Il n’est pas rare que des associations invitent des intellectuels, des essayistes ou des philosophes à s’adresser à de jeunes enfants sur l’un ou l’autre des aspects essentiels de notre vie : la musique, l’image, le bruit, le temps, l’espace, le nombre… Ces conférences que des éditeurs intelligents mettent parfois sur le marché me sont toujours apparues comme des moments de grâce, ne laissant guère d’ombre et me persuadant la plupart du temps que je suis assez compétent pour être du côté de ceux qui savent, face à des gamins qui ont encore tout à prouver.
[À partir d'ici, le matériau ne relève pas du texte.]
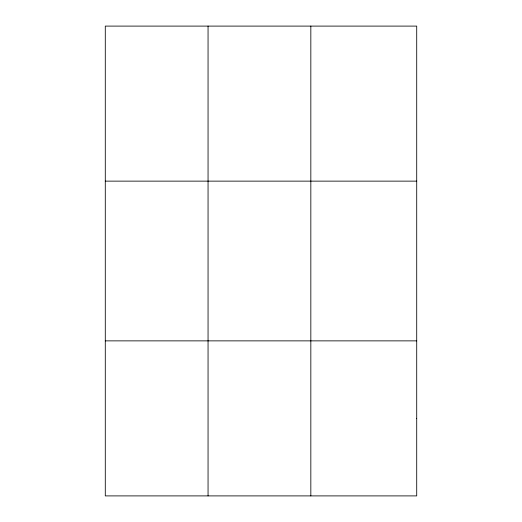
<?xml version="1.0" encoding="UTF-8"?>
<svg xmlns="http://www.w3.org/2000/svg" width="522" height="522" viewBox="0 0 522 522"><rect width="100%" height="100%" fill="white"/><g stroke="black" fill="none" stroke-linecap="round" stroke-linejoin="round"><path stroke-width="0.78" d="M208.056 495.9L208.056 26.1M310.831 495.9L310.831 26.1M105.287 181.134L416.713 181.134M105.287 340.866L416.713 340.866M416.713 418.383L416.713 495.9L105.287 495.9L105.287 26.1L416.713 26.1L416.713 418.383"/></g></svg>
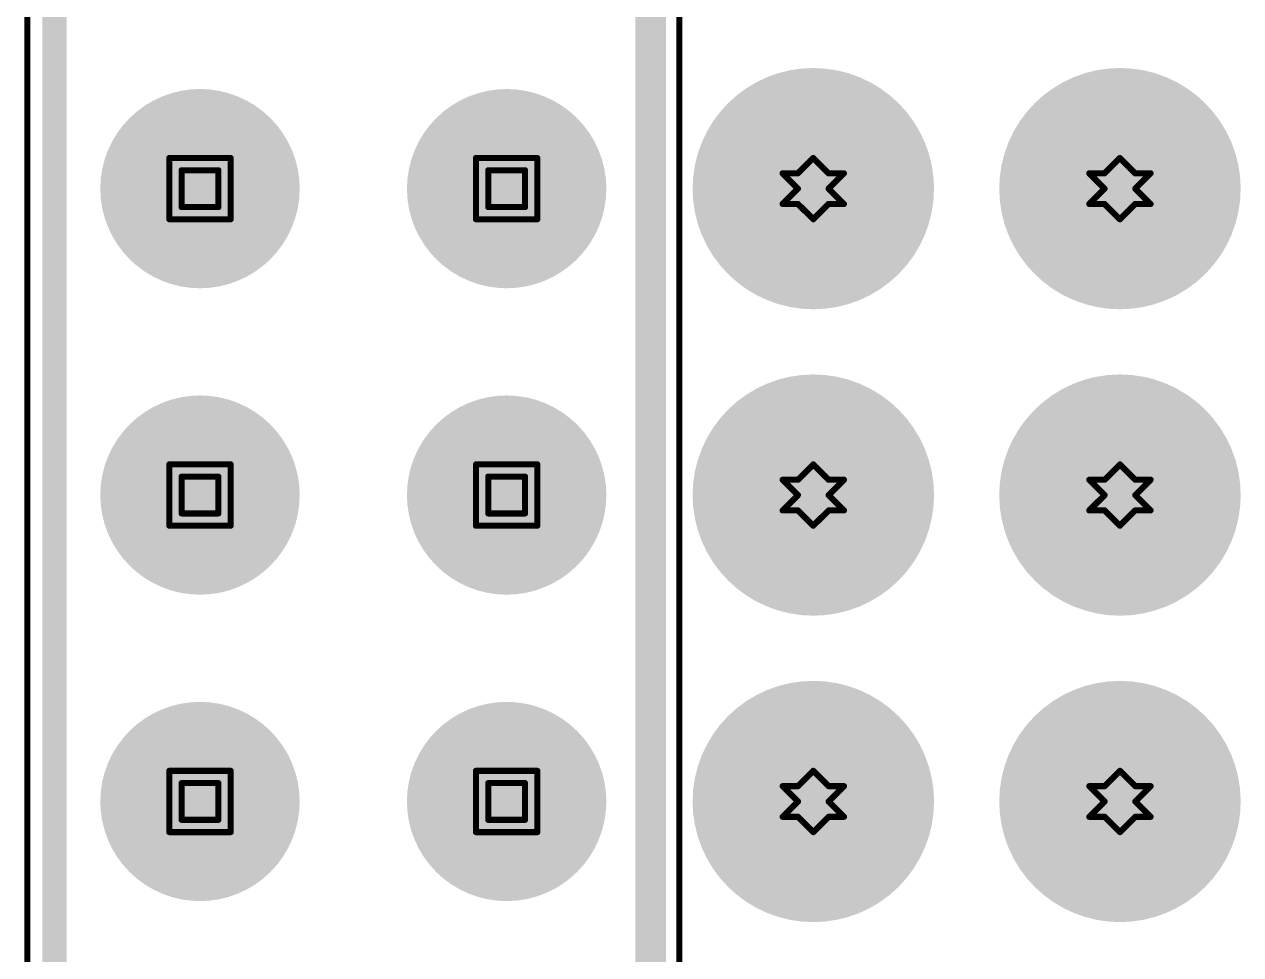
# Model space of a CAD drawing. Header units: millimetres. Extents: x 3.26 to 13.14, y 5.38 to 10.83.
# Drawn here: x 7.7427 to 8.1394, y 6.769 to 7.0726 of the extents above; entities that cross this region are included whole.
import ezdxf

# ---------------------------------------------------------------- set-up
doc = ezdxf.new("R2010")
doc.units = ezdxf.units.MM
doc.header["$MEASUREMENT"] = 0
for name, color, linetype in [('BottomLayer', 5, 'Continuous'), ('BottomSolder', 6, 'Continuous'), ('DrillDrawing', 1, 'Continuous'), ('Mechanical13', 56, 'Continuous'), ('Mechanical15', 56, 'Continuous'), ('MultiLayer', 9, 'Continuous'), ('PadHoleLayer', 156, 'Continuous'), ('TopLayer', 1, 'Continuous'), ('TopOverlay', 2, 'Continuous'), ('TopSolder', 216, 'Continuous'), ('ViaHoleLayer', 16, 'Continuous')]:
    doc.layers.add(name, color=color, linetype=linetype)

# ---------------------------------------------------------------- blocks, each defined once
blk = doc.blocks.new('SMTC_SSQ_126_22_X_D_47')
at = {"layer": 'BottomLayer', "const_width": 0.03051}
for points in [[(1.88474, 0, 1), (1.91526, 0, 1)], [(1.98474, 0, 1), (2.01526, 0, 1)], [(2.08474, 0, 1), (2.11526, 0, 1)], [(1.88474, -0.1, 1), (1.91526, -0.1, 1)], [(1.98474, -0.1, 1), (2.01526, -0.1, 1)], [(2.08474, -0.1, 1), (2.11526, -0.1, 1)]]:
    blk.add_lwpolyline(points, format="xyb", close=True, dxfattribs=at)
at = {"layer": 'BottomSolder', "const_width": 0.03251}
for points in [[(1.88374, 0, 1), (1.91626, 0, 1)], [(1.98374, 0, 1), (2.01626, 0, 1)], [(2.08374, 0, 1), (2.11626, 0, 1)], [(1.88374, -0.1, 1), (1.91626, -0.1, 1)], [(1.98374, -0.1, 1), (2.01626, -0.1, 1)], [(2.08374, -0.1, 1), (2.11626, -0.1, 1)]]:
    blk.add_lwpolyline(points, format="xyb", close=True, dxfattribs=at)
at = {"layer": 'Mechanical13', "const_width": 0.00394}
for points in [[(2.56496, 0.04744), (-0.06496, 0.04744)], [(2.56496, -0.14744), (-0.06496, -0.14744)]]:
    blk.add_lwpolyline(points, dxfattribs=at)
at = {"layer": 'Mechanical15', "const_width": 0.00197}
for points in [[(2.57382, 0.0563), (-0.07382, 0.0563)], [(2.57382, -0.1563), (-0.07382, -0.1563)]]:
    blk.add_lwpolyline(points, dxfattribs=at)
at = {"layer": 'MultiLayer', "const_width": 0.03051}
for points in [[(1.88474, 0, 1), (1.91526, 0, 1)], [(1.98474, 0, 1), (2.01526, 0, 1)], [(2.08474, 0, 1), (2.11526, 0, 1)], [(1.88474, -0.1, 1), (1.91526, -0.1, 1)], [(1.98474, -0.1, 1), (2.01526, -0.1, 1)], [(2.08474, -0.1, 1), (2.11526, -0.1, 1)]]:
    blk.add_lwpolyline(points, format="xyb", close=True, dxfattribs=at)
at = {"layer": 'PadHoleLayer', "const_width": 0.02008}
for points in [[(1.88996, 0, 1), (1.91004, 0, 1)], [(1.98996, 0, 1), (2.01004, 0, 1)], [(2.08996, 0, 1), (2.11004, 0, 1)], [(1.88996, -0.1, 1), (1.91004, -0.1, 1)], [(1.98996, -0.1, 1), (2.01004, -0.1, 1)], [(2.08996, -0.1, 1), (2.11004, -0.1, 1)]]:
    blk.add_lwpolyline(points, format="xyb", close=True, dxfattribs=at)
at = {"layer": 'TopLayer', "const_width": 0.03051}
for points in [[(1.88474, 0, 1), (1.91526, 0, 1)], [(1.98474, 0, 1), (2.01526, 0, 1)], [(2.08474, 0, 1), (2.11526, 0, 1)], [(1.88474, -0.1, 1), (1.91526, -0.1, 1)], [(1.98474, -0.1, 1), (2.01526, -0.1, 1)], [(2.08474, -0.1, 1), (2.11526, -0.1, 1)]]:
    blk.add_lwpolyline(points, format="xyb", close=True, dxfattribs=at)
at = {"layer": 'TopOverlay', "const_width": 0.00787}
for points in [[(2.56496, 0.04744), (-0.06496, 0.04744)], [(2.56496, -0.14744), (-0.06496, -0.14744)]]:
    blk.add_lwpolyline(points, dxfattribs=at)
at = {"layer": 'TopSolder', "const_width": 0.03251}
for points in [[(1.88374, 0, 1), (1.91626, 0, 1)], [(1.98374, 0, 1), (2.01626, 0, 1)], [(2.08374, 0, 1), (2.11626, 0, 1)], [(1.88374, -0.1, 1), (1.91626, -0.1, 1)], [(1.98374, -0.1, 1), (2.01626, -0.1, 1)], [(2.08374, -0.1, 1), (2.11626, -0.1, 1)]]:
    blk.add_lwpolyline(points, format="xyb", close=True, dxfattribs=at)

msp = doc.modelspace()

# ---------------------------------------------------------------- linework, layer by layer
at = {"layer": 'BottomLayer', "const_width": 0.03937}
for points in [[(7.98032, 7.019, 1), (8.01969, 7.019, 1)], [(8.08032, 7.019, 1), (8.11969, 7.019, 1)], [(7.98032, 6.919, 1), (8.01969, 6.919, 1)], [(8.08032, 6.919, 1), (8.11969, 6.919, 1)], [(7.98032, 6.819, 1), (8.01969, 6.819, 1)], [(8.08032, 6.819, 1), (8.11969, 6.819, 1)]]:
    msp.add_lwpolyline(points, format="xyb", close=True, dxfattribs=at)
at = {"layer": 'BottomSolder', "const_width": 0.03937}
for points in [[(7.98032, 7.019, 1), (8.01969, 7.019, 1)], [(8.08032, 7.019, 1), (8.11969, 7.019, 1)], [(7.98032, 6.919, 1), (8.01969, 6.919, 1)], [(8.08032, 6.919, 1), (8.11969, 6.919, 1)], [(7.98032, 6.819, 1), (8.01969, 6.819, 1)], [(8.08032, 6.819, 1), (8.11969, 6.819, 1)]]:
    msp.add_lwpolyline(points, format="xyb", close=True, dxfattribs=at)
at = {"layer": 'DrillDrawing', "const_width": 0.002}
for points in [[(7.79, 7.029), (7.81, 7.029)], [(7.79, 7.009), (7.79, 7.029)], [(7.81, 7.009), (7.81, 7.029)], [(7.89, 7.029), (7.91, 7.029)], [(7.89, 7.009), (7.89, 7.029)], [(7.91, 7.009), (7.91, 7.029)], [(7.995, 7.024), (8, 7.029)], [(8, 7.029), (8.005, 7.024)], [(8.095, 7.024), (8.1, 7.029)], [(8.1, 7.029), (8.105, 7.024)], [(7.794, 7.025), (7.806, 7.025)], [(7.794, 7.013), (7.794, 7.025)], [(7.806, 7.013), (7.806, 7.025)], [(7.894, 7.025), (7.906, 7.025)], [(7.894, 7.013), (7.894, 7.025)], [(7.906, 7.013), (7.906, 7.025)], [(7.99, 7.024), (7.995, 7.019)], [(7.99, 7.024), (7.995, 7.024)], [(8.005, 7.024), (8.01, 7.024)], [(8.005, 7.019), (8.01, 7.024)], [(8.09, 7.024), (8.095, 7.019)], [(8.09, 7.024), (8.095, 7.024)], [(8.105, 7.024), (8.11, 7.024)], [(8.105, 7.019), (8.11, 7.024)], [(7.99, 7.014), (7.995, 7.019)], [(8.005, 7.019), (8.01, 7.014)], [(8.09, 7.014), (8.095, 7.019)], [(8.105, 7.019), (8.11, 7.014)], [(7.794, 7.013), (7.806, 7.013)], [(7.894, 7.013), (7.906, 7.013)], [(7.99, 7.014), (7.995, 7.014)], [(7.995, 7.014), (8, 7.009)], [(8, 7.009), (8.005, 7.014)], [(8.005, 7.014), (8.01, 7.014)], [(8.09, 7.014), (8.095, 7.014)], [(8.095, 7.014), (8.1, 7.009)], [(8.1, 7.009), (8.105, 7.014)], [(8.105, 7.014), (8.11, 7.014)], [(7.79, 7.009), (7.81, 7.009)], [(7.89, 7.009), (7.91, 7.009)], [(7.79, 6.929), (7.81, 6.929)], [(7.79, 6.909), (7.79, 6.929)], [(7.81, 6.909), (7.81, 6.929)], [(7.89, 6.929), (7.91, 6.929)], [(7.89, 6.909), (7.89, 6.929)], [(7.91, 6.909), (7.91, 6.929)], [(7.995, 6.924), (8, 6.929)], [(8, 6.929), (8.005, 6.924)], [(8.095, 6.924), (8.1, 6.929)], [(8.1, 6.929), (8.105, 6.924)], [(7.794, 6.925), (7.806, 6.925)], [(7.794, 6.913), (7.794, 6.925)], [(7.806, 6.913), (7.806, 6.925)], [(7.894, 6.925), (7.906, 6.925)], [(7.894, 6.913), (7.894, 6.925)], [(7.906, 6.913), (7.906, 6.925)], [(7.99, 6.924), (7.995, 6.919)], [(7.99, 6.924), (7.995, 6.924)], [(8.005, 6.924), (8.01, 6.924)], [(8.005, 6.919), (8.01, 6.924)], [(8.09, 6.924), (8.095, 6.919)], [(8.09, 6.924), (8.095, 6.924)], [(8.105, 6.924), (8.11, 6.924)], [(8.105, 6.919), (8.11, 6.924)], [(7.99, 6.914), (7.995, 6.919)], [(8.005, 6.919), (8.01, 6.914)], [(8.09, 6.914), (8.095, 6.919)], [(8.105, 6.919), (8.11, 6.914)], [(7.794, 6.913), (7.806, 6.913)], [(7.894, 6.913), (7.906, 6.913)], [(7.99, 6.914), (7.995, 6.914)], [(7.995, 6.914), (8, 6.909)], [(8, 6.909), (8.005, 6.914)], [(8.005, 6.914), (8.01, 6.914)], [(8.09, 6.914), (8.095, 6.914)], [(8.095, 6.914), (8.1, 6.909)], [(8.1, 6.909), (8.105, 6.914)], [(8.105, 6.914), (8.11, 6.914)], [(7.79, 6.909), (7.81, 6.909)], [(7.89, 6.909), (7.91, 6.909)], [(7.79, 6.829), (7.81, 6.829)], [(7.79, 6.809), (7.79, 6.829)], [(7.81, 6.809), (7.81, 6.829)], [(7.89, 6.829), (7.91, 6.829)], [(7.89, 6.809), (7.89, 6.829)], [(7.91, 6.809), (7.91, 6.829)], [(7.995, 6.824), (8, 6.829)], [(8, 6.829), (8.005, 6.824)], [(8.095, 6.824), (8.1, 6.829)], [(8.1, 6.829), (8.105, 6.824)], [(7.794, 6.825), (7.806, 6.825)], [(7.794, 6.813), (7.794, 6.825)], [(7.806, 6.813), (7.806, 6.825)], [(7.894, 6.825), (7.906, 6.825)], [(7.894, 6.813), (7.894, 6.825)], [(7.906, 6.813), (7.906, 6.825)], [(7.99, 6.824), (7.995, 6.819)], [(7.99, 6.824), (7.995, 6.824)], [(8.005, 6.824), (8.01, 6.824)], [(8.005, 6.819), (8.01, 6.824)], [(8.09, 6.824), (8.095, 6.819)], [(8.09, 6.824), (8.095, 6.824)], [(8.105, 6.824), (8.11, 6.824)], [(8.105, 6.819), (8.11, 6.824)], [(7.99, 6.814), (7.995, 6.819)], [(8.005, 6.819), (8.01, 6.814)], [(8.09, 6.814), (8.095, 6.819)], [(8.105, 6.819), (8.11, 6.814)], [(7.99, 6.814), (7.995, 6.814)], [(7.995, 6.814), (8, 6.809)], [(8, 6.809), (8.005, 6.814)], [(8.005, 6.814), (8.01, 6.814)], [(8.09, 6.814), (8.095, 6.814)], [(8.095, 6.814), (8.1, 6.809)], [(8.1, 6.809), (8.105, 6.814)], [(8.105, 6.814), (8.11, 6.814)], [(7.794, 6.813), (7.806, 6.813)], [(7.894, 6.813), (7.906, 6.813)], [(7.79, 6.809), (7.81, 6.809)], [(7.89, 6.809), (7.91, 6.809)]]:
    msp.add_lwpolyline(points, dxfattribs=at)
at = {"layer": 'DrillDrawing', "const_width": 0.001}
for points in [[(7.7895, 7.029, 1), (7.7905, 7.029, 1)], [(7.7895, 7.029, 1), (7.7905, 7.029, 1)], [(7.8095, 7.029, 1), (7.8105, 7.029, 1)], [(7.8095, 7.029, 1), (7.8105, 7.029, 1)], [(7.8895, 7.029, 1), (7.8905, 7.029, 1)], [(7.8895, 7.029, 1), (7.8905, 7.029, 1)], [(7.9095, 7.029, 1), (7.9105, 7.029, 1)], [(7.9095, 7.029, 1), (7.9105, 7.029, 1)], [(7.9995, 7.029, 1), (8.0005, 7.029, 1)], [(7.9995, 7.029, 1), (8.0005, 7.029, 1)], [(8.0995, 7.029, 1), (8.1005, 7.029, 1)], [(8.0995, 7.029, 1), (8.1005, 7.029, 1)], [(7.7935, 7.025, 1), (7.7945, 7.025, 1)], [(7.7935, 7.025, 1), (7.7945, 7.025, 1)], [(7.8055, 7.025, 1), (7.8065, 7.025, 1)], [(7.8055, 7.025, 1), (7.8065, 7.025, 1)], [(7.8935, 7.025, 1), (7.8945, 7.025, 1)], [(7.8935, 7.025, 1), (7.8945, 7.025, 1)], [(7.9055, 7.025, 1), (7.9065, 7.025, 1)], [(7.9055, 7.025, 1), (7.9065, 7.025, 1)], [(7.9895, 7.024, 1), (7.9905, 7.024, 1)], [(7.9895, 7.024, 1), (7.9905, 7.024, 1)], [(7.9945, 7.024, 1), (7.9955, 7.024, 1)], [(7.9945, 7.024, 1), (7.9955, 7.024, 1)], [(8.0045, 7.024, 1), (8.0055, 7.024, 1)], [(8.0045, 7.024, 1), (8.0055, 7.024, 1)], [(8.0095, 7.024, 1), (8.0105, 7.024, 1)], [(8.0095, 7.024, 1), (8.0105, 7.024, 1)], [(8.0895, 7.024, 1), (8.0905, 7.024, 1)], [(8.0895, 7.024, 1), (8.0905, 7.024, 1)], [(8.0945, 7.024, 1), (8.0955, 7.024, 1)], [(8.0945, 7.024, 1), (8.0955, 7.024, 1)], [(8.1045, 7.024, 1), (8.1055, 7.024, 1)], [(8.1045, 7.024, 1), (8.1055, 7.024, 1)], [(8.1095, 7.024, 1), (8.1105, 7.024, 1)], [(8.1095, 7.024, 1), (8.1105, 7.024, 1)], [(7.9945, 7.019, 1), (7.9955, 7.019, 1)], [(7.9945, 7.019, 1), (7.9955, 7.019, 1)], [(8.0045, 7.019, 1), (8.0055, 7.019, 1)], [(8.0045, 7.019, 1), (8.0055, 7.019, 1)], [(8.0945, 7.019, 1), (8.0955, 7.019, 1)], [(8.0945, 7.019, 1), (8.0955, 7.019, 1)], [(8.1045, 7.019, 1), (8.1055, 7.019, 1)], [(8.1045, 7.019, 1), (8.1055, 7.019, 1)], [(7.7935, 7.013, 1), (7.7945, 7.013, 1)], [(7.7935, 7.013, 1), (7.7945, 7.013, 1)], [(7.8055, 7.013, 1), (7.8065, 7.013, 1)], [(7.8055, 7.013, 1), (7.8065, 7.013, 1)], [(7.8935, 7.013, 1), (7.8945, 7.013, 1)], [(7.8935, 7.013, 1), (7.8945, 7.013, 1)], [(7.9055, 7.013, 1), (7.9065, 7.013, 1)], [(7.9055, 7.013, 1), (7.9065, 7.013, 1)], [(7.9895, 7.014, 1), (7.9905, 7.014, 1)], [(7.9895, 7.014, 1), (7.9905, 7.014, 1)], [(7.9945, 7.014, 1), (7.9955, 7.014, 1)], [(7.9945, 7.014, 1), (7.9955, 7.014, 1)], [(8.0045, 7.014, 1), (8.0055, 7.014, 1)], [(8.0045, 7.014, 1), (8.0055, 7.014, 1)], [(8.0095, 7.014, 1), (8.0105, 7.014, 1)], [(8.0095, 7.014, 1), (8.0105, 7.014, 1)], [(8.0895, 7.014, 1), (8.0905, 7.014, 1)], [(8.0895, 7.014, 1), (8.0905, 7.014, 1)], [(8.0945, 7.014, 1), (8.0955, 7.014, 1)], [(8.0945, 7.014, 1), (8.0955, 7.014, 1)], [(8.1045, 7.014, 1), (8.1055, 7.014, 1)], [(8.1045, 7.014, 1), (8.1055, 7.014, 1)], [(8.1095, 7.014, 1), (8.1105, 7.014, 1)], [(8.1095, 7.014, 1), (8.1105, 7.014, 1)], [(7.7895, 7.009, 1), (7.7905, 7.009, 1)], [(7.7895, 7.009, 1), (7.7905, 7.009, 1)], [(7.8095, 7.009, 1), (7.8105, 7.009, 1)], [(7.8095, 7.009, 1), (7.8105, 7.009, 1)], [(7.8895, 7.009, 1), (7.8905, 7.009, 1)], [(7.8895, 7.009, 1), (7.8905, 7.009, 1)], [(7.9095, 7.009, 1), (7.9105, 7.009, 1)], [(7.9095, 7.009, 1), (7.9105, 7.009, 1)], [(7.9995, 7.009, 1), (8.0005, 7.009, 1)], [(7.9995, 7.009, 1), (8.0005, 7.009, 1)], [(8.0995, 7.009, 1), (8.1005, 7.009, 1)], [(8.0995, 7.009, 1), (8.1005, 7.009, 1)], [(7.7895, 6.929, 1), (7.7905, 6.929, 1)], [(7.7895, 6.929, 1), (7.7905, 6.929, 1)], [(7.8095, 6.929, 1), (7.8105, 6.929, 1)], [(7.8095, 6.929, 1), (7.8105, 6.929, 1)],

Mais en temps normal, quand ces grands hommes s’adressent à leurs pairs, travaillant à l’oeuvre dont se souviendra la postérité, je me retrouve comme les enfants de tout à l’heure, mais sans la sollicitude et la patience qu’ils leur ont témoignées, avec le sentiment d’avoir été trahi par ma suffisance. Me voici précipité dans un profond désarroi, assistant défait au passage de ce quelque chose dont ils sont à coup sûr les détenteurs, qui transite dans une langue et une érudition de si haute tenue qu’ils m’obligent à rester à bonne distance. J’aperçois bien ici ou là quelques lueurs, mais ce sont des lueurs qui passent sans m’éclairer, me convainquant surtout qu’il est trop tard et que je n’y arriverai pas.
Je me console alors en espérant que ces intellectuels, ces essayistes ou ces philosophes prendront un jour la voie du milieu et qu’ils daigneront m’offrir, en s’adressant à l’adolescent que je suis demeuré, le chaînon manquant.